Choosing a branch of the square root so that this rewriting works

Solution 1:

In THIS ANSWER, I discuss the equality

$$\log(z_1z_2)=\log(z_1)+\log(z_2) \tag 1$$

The equality in $(1)$ is interpreted as a set equivalence. It means that any value of $\log(z_1z_2)$ can be expressed as the sum of some value of $\log(z_1)$ and some value of $\log(z_2)$. And conversely, it means that the sum of any value of $\log(z_1)$ and any value of $\log(z_2)$ can be expressed as some value of $\log(z_1z_2)$.

Now, using the definition $z^c=e^{c\log(z)}$ along with $(1)$, we can write

$$\begin{align} \sqrt{z-1/z}&=\left(\frac{(z+1)(z-1)}{z}\right)^{1/2}\\\\ &=e^{\frac12 \left(\log(z+1)+\log(z-1)-\log(z)\right)}\\\\ &e^{\frac12 \log(z+1)}e^{\frac12 \log(z-1)}e^{-\frac12 \log(z)}\\\\ &=\sqrt{z+1}\sqrt{z-1}/\sqrt{z}\tag 2 \end{align}$$

The equality in $(2)$ is also interpreted as a set equivalence. For any value of $\sqrt{z-1/z}$, there is some value of $\sqrt{z+1}$, some value of $\sqrt{z-1}$, and some value of $\sqrt{z}$ for which $(2)$ is true. And for any values of $\sqrt{z+1}$, $\sqrt{z-1}$, and $\sqrt{z}$, there is some value of $\sqrt{z-1/z}$ for which $(2)$ is true.

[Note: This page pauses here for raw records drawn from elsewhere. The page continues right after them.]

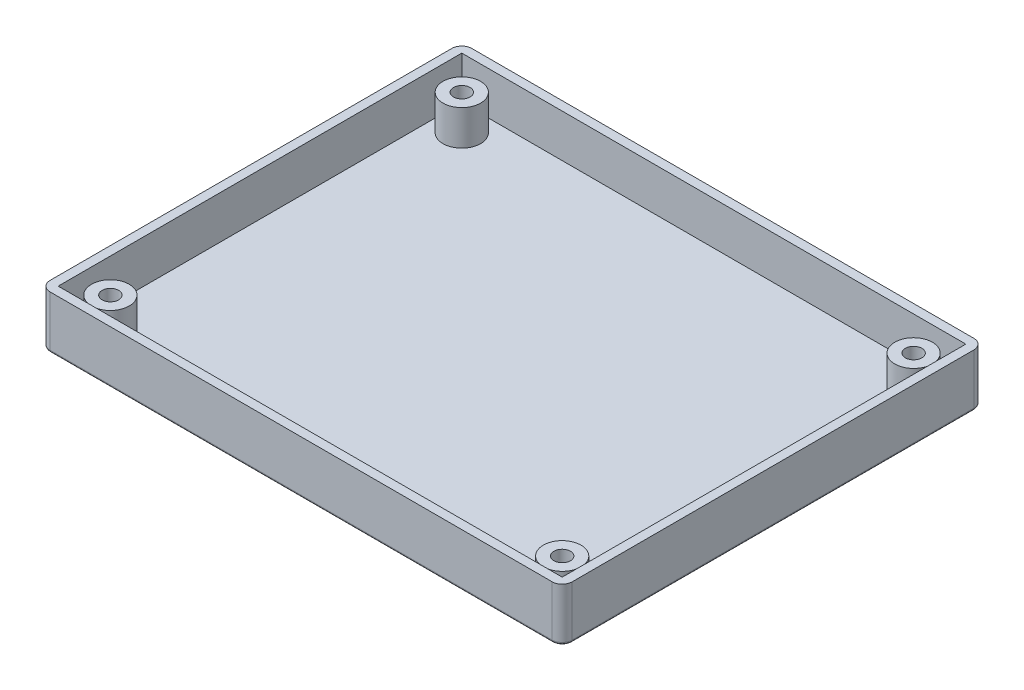
SolidWorks part; units mm, degrees
ref_plane "Plan de face" through (0, 0, 0) normal (0, 0, 1) x (1, 0, 0)
ref_plane "Plan de dessus" through (0, 0, 0) normal (0, 1, 0) x (1, 0, 0)
ref_plane "Plan de droite" through (0, 0, 0) normal (1, 0, 0) x (0, 0, -1)
sketch "Esquisse1" plane through (0, 0, 0) normal (0, 1, 0) x (1, 0, 0)
  line L0 (-52, -42) -> (-52, 42)
  line L1 (-50, -40) -> (50, -40)
  line L2 (-50, -40) -> (-50, 40) construction
  line L3 (-50, 40) -> (50, 40)
  line L4 (50, -40) -> (50, 40)
  line L5 (-50, -40) -> (50, 40) construction
  line L6 (-50, 40) -> (50, -40) construction
  line L7 (-52, 42) -> (52, 42)
  line L8 (52, -42) -> (52, 42)
  line L9 (-52, -42) -> (52, -42)
  point P0 (0, 0)
  dimension "D1" = 100
  dimension "D2" = 80
  dimension "D3" = 2
extrude "Boss.-Extru.1" add sketch "Esquisse1" along normal blind 2
sketch "Esquisse2" plane through (0, 2, 0) normal (0, 1, 0) x (1, 0, 0)
  line L1 (-45, -35) -> (45, -35) construction
  line L2 (-45, -35) -> (-45, 35) construction
  line L3 (-45, 35) -> (45, 35) construction
  line L4 (45, -35) -> (45, 35) construction
  line L5 (-45, -35) -> (45, 35) construction
  line L6 (-45, 35) -> (45, -35) construction
  circle A0 centre (-45, 35) radius 3.75
  circle A1 centre (45, 35) radius 3.75
  circle A2 centre (45, -35) radius 3.75
  circle A3 centre (-45, -35) radius 3.75
  point P0 (0, 0)
  dimension "D3" = 7.5
  dimension "D1" = 90
  dimension "D2" = 70
extrude "Boss.-Extru.2" add sketch "Esquisse2" along normal blind 7
sketch "Esquisse3" plane through (0, 2, 0) normal (0, 1, 0) x (1, 0, 0)
  line L0 (-52, -42) -> (-52, 42) construction
  line L1 (-52, -42) -> (-52, 42)
  line L2 (-52, 42) -> (52, 42) construction
  line L3 (-52, 42) -> (52, 42)
  line L4 (-50.2, 40.2) -> (-50.2, -40.2)
  line L5 (-50.2, -40.2) -> (50.2, -40.2)
  line L6 (50.2, -40.2) -> (50.2, 40.2)
  line L7 (50.2, 40.2) -> (-50.2, 40.2)
  line L8 (-52, 42) -> (-52, -42)
  line L9 (-52, -42) -> (52, -42)
  line L10 (52, -42) -> (52, 42)
  line L11 (52, 42) -> (-52, 42)
  line L12 (-52, 42) -> (-52, -42)
  line L13 (-52, -42) -> (52, -42)
  line L14 (52, -42) -> (52, 42)
  line L15 (52, 42) -> (-52, 42)
  dimension "D1" = 0
  dimension "D2" = 1.8
extrude "Boss.-Extru.3" add sketch "Esquisse3" along normal blind 8.55 contours L8 L5 L6 L7 L4
sketch "Esquisse4" plane through (0, 9, 0) normal (0, 1, 0) x (1, 0, 0)
  circle A0 centre (-45, 35) radius 1.65
  circle A1 centre (45, 35) radius 1.65
  circle A2 centre (45, -35) radius 1.65
  circle A3 centre (-45, -35) radius 1.65
  dimension "D1" = 3.3
extrude "Enlèv. mat.-Extru.1" cut sketch "Esquisse4" against normal through all
sketch "Esquisse5" plane through (0, 0, 0) normal (0, -1, 0) x (1, 0, 0)
  line L1 (-43.3979, 32.225) -> (-41.7957, 35)
  line L2 (-41.7957, 35) -> (-43.3979, 37.775)
  line L3 (-43.3979, 37.775) -> (-46.6021, 37.775)
  line L4 (-46.6021, 37.775) -> (-48.2043, 35)
  line L5 (-48.2043, 35) -> (-46.6021, 32.225)
  line L6 (-46.6021, 32.225) -> (-43.3979, 32.225)
  line L7 (43.3979, 32.225) -> (46.6021, 32.225)
  line L8 (46.6021, 32.225) -> (48.2043, 35)
  line L9 (48.2043, 35) -> (46.6021, 37.775)
  line L10 (46.6021, 37.775) -> (43.3979, 37.775)
  line L11 (43.3979, 37.775) -> (41.7957, 35)
  line L12 (41.7957, 35) -> (43.3979, 32.225)
  line L13 (43.3979, -32.225) -> (41.7957, -35)
  line L14 (41.7957, -35) -> (43.3979, -37.775)
  line L15 (43.3979, -37.775) -> (46.6021, -37.775)
  line L16 (46.6021, -37.775) -> (48.2043, -35)
  line L17 (48.2043, -35) -> (46.6021, -32.225)
  line L18 (46.6021, -32.225) -> (43.3979, -32.225)
  line L19 (-46.6021, -32.225) -> (-48.2043, -35)
  line L20 (-48.2043, -35) -> (-46.6021, -37.775)
  line L21 (-46.6021, -37.775) -> (-43.3979, -37.775)
  line L22 (-43.3979, -37.775) -> (-41.7957, -35)
  line L23 (-41.7957, -35) -> (-43.3979, -32.225)
  line L24 (-43.3979, -32.225) -> (-46.6021, -32.225)
  circle A0 centre (-45, 35) radius 2.775 construction
  circle A1 centre (45, 35) radius 2.775 construction
  circle A2 centre (45, -35) radius 2.775 construction
  circle A3 centre (-45, -35) radius 2.775 construction
  dimension "D1" = 5.55
extrude "Enlèv. mat.-Extru.2" cut sketch "Esquisse5" against normal blind 3
fillet "Congé1" radius 2 4 edges at (-52, 5.275, -42) (-52, 5.275, 42) (52, 5.275, -42) (52, 5.275, 42)
fillet "Congé2" radius 0.5 8 edges at (-51.4142, 0, -41.4142) (-52, 0, 0) (-51.4142, 0, 41.4142) (0, 0, 42) (51.4142, 0, 41.4142) (52, 0, 0) (51.4142, 0, -41.4142) (0, 0, -42)
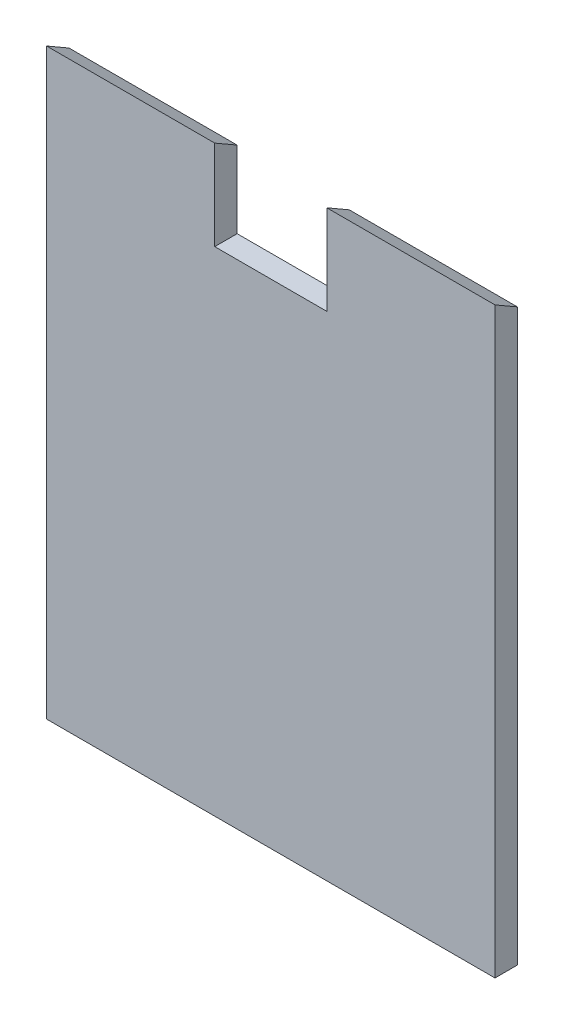
SolidWorks part; units mm, degrees
ref_plane "Front Plane" through (0, 0, 0) normal (0, 0, 1) x (1, 0, 0)
ref_plane "Top Plane" through (0, 0, 0) normal (0, 1, 0) x (1, 0, 0)
ref_plane "Right Plane" through (0, 0, 0) normal (1, 0, 0) x (0, 0, -1)
sketch "Sketch1" plane through (0, 0, 0) normal (0, 0, 1) x (1, 0, 0)
  line L0 (0, -262.711) -> (0, 262.711) construction
  line L1 (127, -165.1) -> (-127, -165.1)
  line L2 (127, -165.1) -> (127, 165.1)
  line L3 (127, 165.1) -> (31.75, 165.1)
  line L4 (-127, -165.1) -> (-127, 165.1)
  line L5 (127, -165.1) -> (-127, 165.1) construction
  line L6 (127, 165.1) -> (-127, -165.1) construction
  line L7 (-31.75, 114.3) -> (31.75, 114.3)
  line L8 (-31.75, 114.3) -> (-31.75, 165.1)
  line L9 (31.75, 114.3) -> (31.75, 165.1)
  line L10 (-31.75, 165.1) -> (-127, 165.1)
  point P0 (0, 0)
  point P9 (0, 0)
  point P12 (0, 114.3)
  dimension "D1" = 330.2
  dimension "D2" = 254
  dimension "D3" = 63.5
  dimension "D4" = 50.8
extrude "Boss-Extrude1" add sketch "Sketch1" along normal mid plane 12.7
sketch "Sketch2" plane through (0, 0, 0) normal (1, 0, 0) x (0, 0, -1)
  line L0 (0, -209.8682) -> (0, 209.8682) construction
  line L1 (-6.35, 165.1) -> (6.35, 165.1)
  line L2 (-6.35, 165.1) -> (6.35, 165.1) construction
  line L3 (6.35, -165.1) -> (6.35, 165.1) construction
  line L4 (6.35, 165.1) -> (6.35, 157.7677)
  line L5 (-6.35, 165.1) -> (6.35, 157.7677)
  point P4 (0, 0)
  dimension "D1" = 30
extrude "Cut-Extrude1" cut sketch "Sketch2" against normal mid plane 254
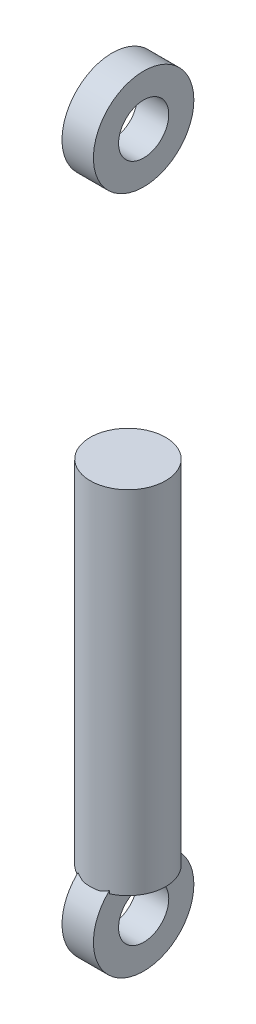
SolidWorks part; units mm, degrees
ref_plane "Front Plane" through (0, 0, 0) normal (0, 0, 1) x (1, 0, 0)
ref_plane "Top Plane" through (0, 0, 0) normal (0, 1, 0) x (1, 0, 0)
ref_plane "Right Plane" through (0, 0, 0) normal (1, 0, 0) x (0, 0, -1)
sketch "Sketch1" plane through (0, 0, 0) normal (0, 1, 0) x (1, 0, 0)
  circle A0 centre (0, 0) radius 3.81
  dimension "D1" = 7.62
extrude "Extrude1" add sketch "Sketch1" along normal blind 35.56
sketch "Sketch2" plane through (0, 35.56, 0) normal (0, 1, 0) x (1, 0, 0)
  circle A6 centre (0, 0) radius 10.16
  dimension "D1" = 20.32
sketch "Sketch4" plane through (0, 0, 0) normal (1, 0, 0) x (0, 0, -1)
  line L2 (0, -3.4405) -> (0, 65.2665) construction
  circle A0 centre (0, 65.2665) radius 2.54
  circle A1 centre (0, -3.4405) radius 2.54
  dimension "D3" = 5.08
  dimension "D4" = 68.707
extrude "Extrude-Thin1" add sketch "Sketch4" along normal mid plane 3.175 separate body thin

Let's look at an example. Suppose we take the principal branches to define $\sqrt{z+1}$, $\sqrt{z-1}$, and $\sqrt{z}$ for which $-\pi<\arg(z+1)\le \pi$, $-\pi<\arg(z-1)\le \pi$, and $-\pi<\arg(z)\le \pi$. At $z=i$, we see that

$$\begin{align} \color{blue}{\sqrt{i+1}}\color{red}{\sqrt{i-1}}/\color{green}{\sqrt{i}}&=\color{blue}{\sqrt{2}e^{i\pi/8}}\color{red}{\sqrt{2}e^{i3\pi/8}}/\color{green}{1e^{i\pi/4}}\\\\ &=\sqrt{2}e^{i\pi/4} \end{align}$$

We then must take the branch of $\sqrt{z-1/z}=\sqrt{2}\sqrt{i}$ for which $\sqrt{i}=e^{i\pi/4}$. And we are free to do so.